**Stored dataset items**
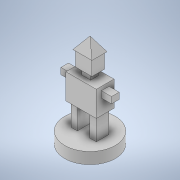
# Autodesk Inventor part: Vasile5-6Bridge.stl
Saved by Autodesk Inventor 2020 (Build 240168000, 168)
## iProperties
Created: 2020-03-17
Part Number: Vasile5-6Bridge.stl
Material: Generic
Document SubType Name: Modeling
Designer: al
Density: 1 g/cm^3
Appearance: Default
Author: al
Autodesk Inventor part; units mm, degrees
ref_plane "YZ Plane" through (0, 0, 0) normal (1, 0, 0) x (0, 1, 0)
ref_plane "XZ Plane" through (0, 0, 0) normal (0, 1, 0) x (-1, 0, 0)
ref_plane "XY Plane" through (0, 0, 0) normal (0, 0, 1) x (1, 0, 0)
sketch "Sketch1" plane through (0, 0, 0) normal (0, 0, 1) x (1, 0, 0)
  circle A0 centre (0, 0) radius 25.4
  dimension "d0" = 50.8
  constraints: 1 centre point, 1 coincident
  measures "d0" diameter of A0
extrude "Extrusion1" add sketch "Sketch1" along normal blind 11.43
sketch "Sketch2" plane through (0, 0, 11.43) normal (0, 0, 1) x (1, 0, 0)
  line L0 (0, 0) -> (-6.35, 0)
  line L1 (0, 0) -> (6.35, 0)
  line L2 (-6.35, 0) -> (-6.35, 6.35)
  line L3 (-6.35, 6.35) -> (-12.7, 6.35)
  line L4 (-12.7, 6.35) -> (-12.7, -6.35)
  line L5 (-12.7, -6.35) -> (-6.35, -6.35)
  line L6 (-6.35, -6.35) -> (-6.35, 0)
  line L7 (6.35, 0) -> (6.35, 6.35)
  line L8 (6.35, 6.35) -> (12.7, 6.35)
  line L9 (12.7, 6.35) -> (12.7, -6.35)
  line L10 (12.7, -6.35) -> (6.35, -6.35)
  line L11 (6.35, -6.35) -> (6.35, 0)
  dimension "d3" = 6.35
  dimension "d4" = 6.35
  dimension "d5" = 6.35
  dimension "d6" = 6.35
  dimension "d7" = 12.7
  dimension "d8" = 6.35
  dimension "d9" = 6.35
  dimension "d10" = 12.7
  constraints: 24 end point, 5 perpendicular, 4 horizontal, 2 vertical, 1 collinear, 1 point on line
  measures "d3" distance of L0.start L0.end
  measures "d4" distance of L0.start L1.end
  measures "d5" distance of L0.end L2.end
  measures "d6" distance of L2.end L3.end
  measures "d7" distance of L3.end L4.end
  measures "d8" distance of L1.end L7.end
  measures "d9" distance of L7.end L8.end
  measures "d10" distance of L8.end L9.end
extrude "Extrusion2" add sketch "Sketch2" along normal blind 22.86
sketch "Sketch3" plane through (0, 0, 34.29) normal (0, 0, 1) x (1, 0, 0)
  line L0 (-12.7, 6.35) -> (-12.7, -6.35) projected
  line L1 (-12.7, -6.35) -> (-12.7, -8.89)
  line L2 (-12.7, -8.89) -> (-15.24, -8.89)
  line L3 (-15.24, -8.89) -> (15.24, -8.89)
  line L4 (15.24, -8.89) -> (15.24, 8.89)
  line L5 (15.24, 8.89) -> (-15.24, 8.89)
  line L6 (-15.24, 8.89) -> (-15.24, -8.89)
  point P0 (0, 0)
  dimension "d13" = 2.54
  dimension "d14" = 2.54
  dimension "d15" = 30.48
  dimension "d16" = 17.78
  constraints: 12 end point, 2 parallel, 2 perpendicular, 1 horizontal, 1 vertical
  measures "d13" distance of L0.end L1.end
  measures "d14" distance of L1.end L2.end
  measures "d15" distance of L5.end L4.end
  measures "d16" distance of L4.end L3.end
extrude "Extrusion3" add sketch "Sketch3" along normal blind 25.4
sketch "Sketch4" plane through (-15.24, -8.89, 34.29) normal (-1, 0, 0) x (0, 0, 1)
  line L0 (0, 17.78) -> (25.4, 17.78) projected
  line L1 (0, 17.78) -> (0, 12.7)
  line L2 (0, 0) -> (0, 17.78) projected
  line L3 (0, 12.7) -> (15.24, 12.7)
  line L4 (15.24, 12.7) -> (15.24, 5.08)
  line L5 (15.24, 5.08) -> (21.59, 5.08)
  line L6 (21.59, 5.08) -> (21.59, 12.7)
  line L7 (21.59, 12.7) -> (15.24, 12.7)
  point P0 (-34.29, 8.89)
  dimension "d19" = 5.08
  dimension "d20" = 15.24
  dimension "d21" = 7.62
  dimension "d22" = 6.35
  dimension "d23" = 7.62
  constraints: 12 end point, 2 horizontal, 2 perpendicular, 1 point on line
  measures "d19" distance of L0.start L1.end
  measures "d20" distance of L1.end L3.end
  measures "d21" distance of L3.end L4.end
  measures "d22" distance of L4.end L5.end
  measures "d23" distance of L5.end L6.end
extrude "Extrusion4" add sketch "Sketch4" along normal blind 10.16
sketch "Sketch5" plane through (15.24, -8.89, 34.29) normal (1, 0, 0) x (0, 0, -1)
  line L0 (0, 0) -> (0, 5.08)
  line L1 (0, 17.78) -> (0, 0) projected
  line L2 (0, 5.08) -> (-15.24, 5.08)
  line L3 (-15.24, 5.08) -> (-21.59, 5.08)
  line L4 (-21.59, 5.08) -> (-21.59, 12.7)
  line L5 (-21.59, 12.7) -> (-15.24, 12.7)
  line L6 (-15.24, 12.7) -> (-15.24, 5.08)
  point P0 (34.29, 8.89)
  dimension "d26" = 5.08
  dimension "d27" = 15.24
  dimension "d28" = 6.35
  dimension "d29" = 7.62
  constraints: 12 end point, 2 parallel, 2 perpendicular, 1 horizontal, 1 point on line
  measures "d26" distance of L0.start L0.end
  measures "d27" distance of L0.end L2.end
  measures "d28" distance of L4.end L5.end
  measures "d29" distance of L3.end L4.end
extrude "Extrusion5" add sketch "Sketch5" along normal blind 10.16
sketch "Sketch6" plane through (0, 0, 59.69) normal (0, 0, 1) x (1, 0, 0)
  line L0 (-15.24, -8.89) -> (15.24, -8.89) projected
  line L1 (15.24, -8.89) -> (4.445, -8.89)
  line L2 (-15.24, 8.89) -> (-15.24, -8.89) projected
  line L3 (-15.24, -8.89) -> (-4.445, -8.89)
  line L4 (-4.445, -8.89) -> (-4.445, -3.81)
  line L5 (15.24, 8.89) -> (-15.24, 8.89) projected
  line L6 (-4.445, -3.81) -> (4.445, -3.81)
  line L7 (4.445, -3.81) -> (4.445, 3.81)
  line L8 (4.445, 3.81) -> (-4.445, 3.81)
  line L9 (-4.445, 3.81) -> (-4.445, -3.81)
  point P0 (0, 0)
  dimension "d32" = 10.795
  dimension "d33" = 10.795
  dimension "d34" = 5.08
  dimension "d35" = 7.62
  constraints: 14 end point, 2 parallel, 2 perpendicular, 2 point on line, 1 horizontal
  measures "d32" distance of L0.end L1.end
  measures "d33" distance of L0.start L3.end
  measures "d34" distance of L3.end L4.end
  measures "d35" distance of L7.end L6.end
extrude "Extrusion6" add sketch "Sketch6" along normal blind 6.35
sketch "Sketch7" plane through (0, 0, 66.04) normal (0, 0, 1) x (1, 0, 0)
  line L0 (4.445, 3.81) -> (4.445, -3.81) projected
  line L1 (4.445, 3.81) -> (8.255, 3.81)
  line L2 (8.255, 3.81) -> (8.255, 6.35)
  line L3 (12.7, 6.35) -> (6.35, 6.35) projected
  line L4 (-12.7, -6.35) -> (-6.35, -6.35) projected
  line L5 (8.255, 6.35) -> (-8.255, 6.35)
  line L6 (-8.255, 6.35) -> (-8.255, -6.35)
  line L7 (-8.255, -6.35) -> (8.255, -6.35)
  line L8 (8.255, -6.35) -> (8.255, 6.35)
  point P0 (0, 0)
  dimension "d38" = 3.81
  dimension "d39" = 16.51
  constraints: 12 end point, 2 horizontal, 2 parallel, 2 perpendicular, 2 point on line
  measures "d38" distance of L0.start L1.end
  measures "d39" distance of L7.end L6.end
extrude "Extrusion7" add sketch "Sketch7" along normal blind 15.24
sketch "Sketch8" plane through (0, 0, 81.28) normal (0, 0, 1) x (1, 0, 0)
  line L0 (-8.255, 6.35) -> (-8.255, -6.35) projected
  line L1 (-8.255, -6.35) -> (-8.255, -7.62)
  line L2 (-8.255, -7.62) -> (-9.525, -7.62)
  line L3 (-9.525, -7.62) -> (9.525, -7.62)
  line L4 (9.525, -7.62) -> (9.525, 7.62)
  line L5 (9.525, 7.62) -> (-9.525, 7.62)
  line L6 (-9.525, 7.62) -> (-9.525, -7.62)
  point P0 (0, 0)
  dimension "d42" = 1.27
  dimension "d43" = 1.27
  dimension "d44" = 15.24
  constraints: 12 end point, 2 parallel, 2 perpendicular, 1 horizontal, 1 vertical
  measures "d42" distance of L0.end L1.end
  measures "d43" distance of L1.end L2.end
  measures "d44" distance of L3.end L4.end
extrude "Extrusion8" add sketch "Sketch8" along normal blind 12.7
sketch "Sketch9" plane through (-9.525, 7.62, 81.28) normal (0, 1, 0) x (1, 0, 0)
  line L0 (19.05, 0) -> (0, 0) projected
  line L1 (19.05, 0) -> (19.05, -12.7)
  line L2 (19.05, -12.7) -> (9.525, -12.7)
  line L3 (19.05, -12.7) -> (0, -12.7) projected
  line L4 (9.525, -12.7) -> (19.05, 0)
  line L5 (9.525, -12.7) -> (0, -12.7)
  line L6 (0, 0) -> (0, -12.7) projected
  line L7 (0, 0) -> (0, -12.7)
  line L8 (9.525, -12.7) -> (0, 0)
  point P0 (9.525, 81.28)
  constraints: 12 end point, 2 vertical, 1 collinear, 1 midpoint
sketch "Sketch10" plane through (-9.525, -7.62, 81.28) normal (-1, 0, 0) x (0, 0, 1)
  line L0 (12.7, 0) -> (12.7, 15.24) projected
  line L1 (12.7, 15.24) -> (12.7, 7.62)
  line L2 (0, 0) -> (0, 15.24) projected
  line L3 (12.7, 7.62) -> (0, 15.24)
  line L4 (0, 15.24) -> (12.7, 15.24)
  line L5 (0, 0) -> (12.7, 0) projected
  line L6 (12.7, 0) -> (12.7, 7.62)
  line L7 (12.7, 7.62) -> (0, 0)
  line L8 (12.7, 0) -> (0, 0)
  point P0 (-81.28, 7.62)
  dimension "d47" = 7.62
  constraints: 12 end point, 2 perpendicular, 1 midpoint, 1 vertical
  measures "d47" distance of L0.end L1.end
extrude "Extrusion9" cut sketch "Sketch9" against normal blind 15.24 contours L1 L2 L4 | L8 L3 L6
extrude "Extrusion10" cut sketch "Sketch10" against normal blind 20.32 contours L5 L7 L0 | L3 L4 L0
body "Solid1"

**WHAT YOU HAVE TO DO**
Where does the word "along" appear in the records? Copy every line that holds it.

**ANSWER FOR THIS EXERCISE**
extrude "Extrusion1" add sketch "Sketch1" along normal blind 11.43
extrude "Extrusion2" add sketch "Sketch2" along normal blind 22.86
extrude "Extrusion3" add sketch "Sketch3" along normal blind 25.4
extrude "Extrusion4" add sketch "Sketch4" along normal blind 10.16
extrude "Extrusion5" add sketch "Sketch5" along normal blind 10.16
extrude "Extrusion6" add sketch "Sketch6" along normal blind 6.35
extrude "Extrusion7" add sketch "Sketch7" along normal blind 15.24
extrude "Extrusion8" add sketch "Sketch8" along normal blind 12.7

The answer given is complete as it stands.